Train model on labelled 2D measurement data

I have a dataset of several hundreds measurements each represented by an array of 2x60 datapoints. The measurements are categorized by labels into 8 different categories.

The data is structured as follows:
DATA = [
{‘labelA’: np.array([[0.0, 0.0], [1.1, 3.1], [2.5, 6.5], …, [0.1, 0.0]])},
{‘labelB’: np.array([[0.0, 0.0], [2.1, 1.1], [3.2, 4.5], …, [0.2, 0.0]])},
{‘labelA’: np.array([[0.0, 0.0], [1.1, 3.2], [2.5, 6.6], …, [0.1, 0.0]])},

{‘labelH’: np.array([[0.0, 0.0], [3.1, 1.1], [4.2, 4.2], …, [0.1, 0.0]])},
]

A single measurement can be represented in a graph:

I have two questions:

  1. What is the best way to load this data into a Tensorflow dataset?
  2. What Tensorflow model is best to use for this type of data? Since expanding my dataset is very time consuming I would like to make the most out of it.
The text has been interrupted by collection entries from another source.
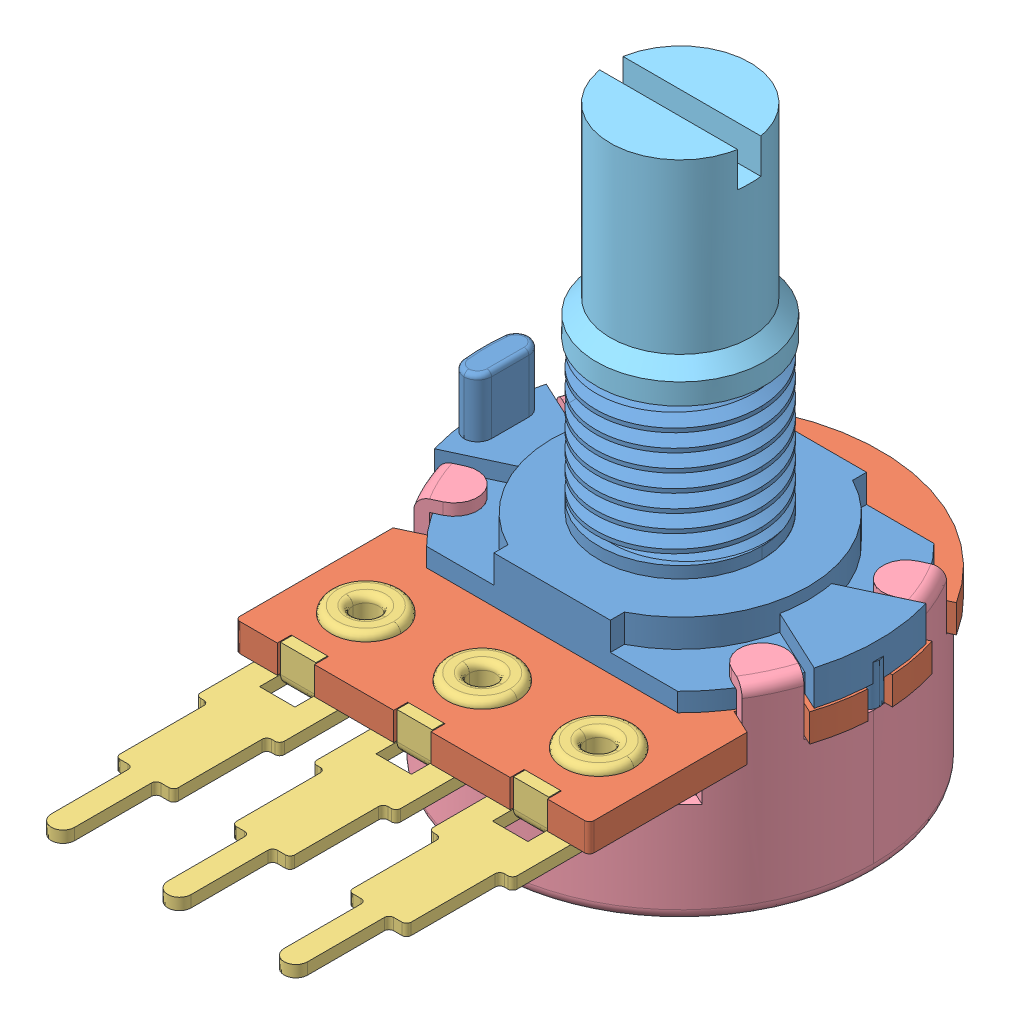
SolidWorks assembly AARL_QR_EL_PT_000-P160KN26L, configuration Default. Lengths in mm.
Overall size (17.17 24.63 30.6).
7 component instances, 5 part files, 18 mates.
Components (placement in the parent):
- AARL_QR_EL_PT_001-1: AARL_QR_EL_PT_001 [Default] at origin size (17.1 9.45 11)
- AARL_QR_EL_PT_002-1: AARL_QR_EL_PT_002 [Default] at origin size (17.17 1.2 20.1)
- AARL_QR_EL_PT_003-1: AARL_QR_EL_PT_003 [Default] at (-10 0 0) size (3.6 2 15.3)
- AARL_QR_EL_PT_003-2: AARL_QR_EL_PT_003 [Default] at (-5 0 0) size (3.6 2 15.3)
- AARL_QR_EL_PT_003-3: AARL_QR_EL_PT_003 [Default] at origin size (3.6 2 15.3)
- AARL_QR_EL_PT_004-1: AARL_QR_EL_PT_004 [Default] at origin size (16.6 8.71 16.6)
- AARL_QR_EL_PT_005-1: AARL_QR_EL_PT_005 [Default] at (0 7.7 0) size (7.2 16.83 7.2)
Mates (geometry in assembly coordinates):
- Concentric1: concentric anti-aligned: cylinder of AARL_Puppy_18_03_06_004-1 through (0 -8.2 0) axis (0 1 0) radius 7.8; cylinder of AARL_Puppy_18_03_06_002-1 through (0 -0.8 0) axis (0 -1 0) radius 3.05
- Width1: width anti-aligned: plane of AARL_Puppy_18_03_06_002-1 through (-7.2788 -0.8 -4.5803) normal (-0.422618 0 0.906308); plane of AARL_Puppy_18_03_06_004-1 through (-7.4561 -0.8 -2.2907) normal (0.422618 0 -0.906308); plane of AARL_Puppy_18_03_06_002-1 through (-6.5882 -2 -4.1755) normal (0.422618 0 -0.906308); plane of AARL_Puppy_18_03_06_004-1 through (-7.8902 -2 -2.5759) normal (-0.422618 0 0.906308)
- Coincident1: coincident anti-aligned: plane of AARL_Puppy_18_03_06_004-1 through (0 -2 0) normal (0 1 0); plane of AARL_Puppy_18_03_06_002-1 through (0 -2 0) normal (0 -1 0)
- Concentric2: concentric aligned: cylinder of AARL_Puppy_18_03_06_002-1 through (0 -0.8 0) axis (0 -1 0) radius 3.05; cylinder of AARL_Puppy_18_03_06_001-1 through (0 7.7 0) axis (0 -1 0) radius 2
- Width2: width anti-aligned: plane of AARL_Puppy_18_03_06_001-1 through (-8.1533 0 2.403) normal (0.422618 0 0.906308); plane of AARL_Puppy_18_03_06_004-1 through (-5.3863 0 -1.1127) normal (0.422618 0 -0.906308); plane of AARL_Puppy_18_03_06_001-1 through (-7.4335 -2 2.3629) normal (-0.422618 0 -0.906308); plane of AARL_Puppy_18_03_06_004-1 through (-7.8902 -2 -2.5759) normal (-0.422618 0 0.906308)
- Coincident2: coincident anti-aligned: plane of AARL_Puppy_18_03_06_002-1 through (0 -0.8 0) normal (0 1 0); plane of AARL_Puppy_18_03_06_001-1 through (0 -0.8 0) normal (0 -1 0)
- Concentric3: concentric aligned: cylinder of AARL_Puppy_18_03_06_002-1 through (-5 -0.8 8.5) axis (0 1 0) radius 0.95; cylinder of AARL_Puppy_18_03_06_003-1 through (-5 -2.075 8.5) axis (0 1 0) radius 0.9
- Coincident3: coincident anti-aligned: plane of AARL_Puppy_18_03_06_002-1 through (0 -2 0) normal (0 -1 0); plane of AARL_Puppy_18_03_06_003-1 through (-5 -2 8.5) normal (0 1 0)
- Width3: width aligned: plane of AARL_Puppy_18_03_06_003-1 through (-5.76 -2.5 11.4) normal (-1 0 0); plane of AARL_Puppy_18_03_06_002-1 through (-4.24 -2.5 10.9) normal (1 0 0); plane of AARL_Puppy_18_03_06_003-1 through (-4.2 -0.8 11.5) normal (-1 0 0); plane of AARL_Puppy_18_03_06_002-1 through (-5.8 -0.8 10.9) normal (1 0 0)
- Coincident4: coincident anti-aligned: plane of AARL_Puppy_18_03_06_002-1 through (0 -2 0) normal (0 -1 0); plane of AARL_Puppy_18_03_06_003-2 through (0 -2 8.5) normal (0 1 0)
- Width4: width anti-aligned: plane of AARL_Puppy_18_03_06_003-2 through (0.76 -2.5 10.9) normal (1 0 0); plane of AARL_Puppy_18_03_06_002-1 through (-0.76 -2.5 11.4) normal (-1 0 0); plane of AARL_Puppy_18_03_06_003-2 through (0.8 -0.8 11.5) normal (-1 0 0); plane of AARL_Puppy_18_03_06_002-1 through (-0.8 -0.8 10.9) normal (1 0 0)
- Concentric4: concentric aligned: cylinder of AARL_Puppy_18_03_06_002-1 through (0 -0.8 8.5) axis (0 1 0) radius 0.95; cylinder of AARL_Puppy_18_03_06_003-2 through (0 -2.075 8.5) axis (0 1 0) radius 0.9
- Coincident5: coincident anti-aligned: plane of AARL_Puppy_18_03_06_002-1 through (0 -2 0) normal (0 -1 0); plane of AARL_Puppy_18_03_06_003-3 through (5 -2 8.5) normal (0 1 0)
- Width5: width anti-aligned: plane of AARL_Puppy_18_03_06_003-3 through (5.76 -2.5 10.9) normal (1 0 0); plane of AARL_Puppy_18_03_06_002-1 through (4.24 -2.5 11.4) normal (-1 0 0); plane of AARL_Puppy_18_03_06_003-3 through (5.8 -0.8 11.5) normal (-1 0 0); plane of AARL_Puppy_18_03_06_002-1 through (4.2 -0.8 10.9) normal (1 0 0)
- Concentric5: concentric aligned: cylinder of AARL_Puppy_18_03_06_002-1 through (5 -0.8 8.5) axis (0 1 0) radius 0.95; cylinder of AARL_Puppy_18_03_06_003-3 through (5 -2.075 8.5) axis (0 1 0) radius 0.9
- Concentric6: concentric anti-aligned: cylinder of AARL_Puppy_18_03_06_001-1 through (0 7.7 0) axis (0 -1 0) radius 2; cylinder of AARL_Puppy_18_03_06_006-1 through (0 51.0234 0) axis (0 1 0) radius 2
- Coincident6: coincident anti-aligned: plane of AARL_Puppy_18_03_06_001-1 through (0 7.7 0) normal (0 1 0); plane of AARL_Puppy_18_03_06_006-1 through (2 7.7 0) normal (0 -1 0)
- Parallel1: parallel aligned: plane of AARL_Puppy_18_03_06_001-1 through (5.3889 0 -5.5) normal (0 0 -1); plane of AARL_Puppy_18_03_06_006-1 through (-3 14.9313 0.5) normal (0 0 -1)

Any reference to similar problems is appreciated!
Many thanks in advance.

Sure! Here are a few options:

  • Thanks for sharing! I’m also curious about the best approach for this type of data.
  • Interesting problem! I’ll look into similar use cases and get back to you.
  • This looks challenging. I’m not familiar with this, but I’m willing to learn.

Hi @rvm, you can create a Tensorflow dataset in a way as shown in the below code. considering this as the raw data.

Initially you can get the labels and values from the data

label=[]
values=[]
for i in range(len(data)):
    label.append(list(data[i].keys())[0])
    values.append(list(data[i].values())[0])

and can create a tensorflow dataset using this

dataset = tf.data.Dataset.from_tensors((label, values))

please refer to this gist for working code example.

There are multiple options when it comes to building classification problem. you can use a fully connected neural network(FCNN), cnn, rnn’s etc. Thank You.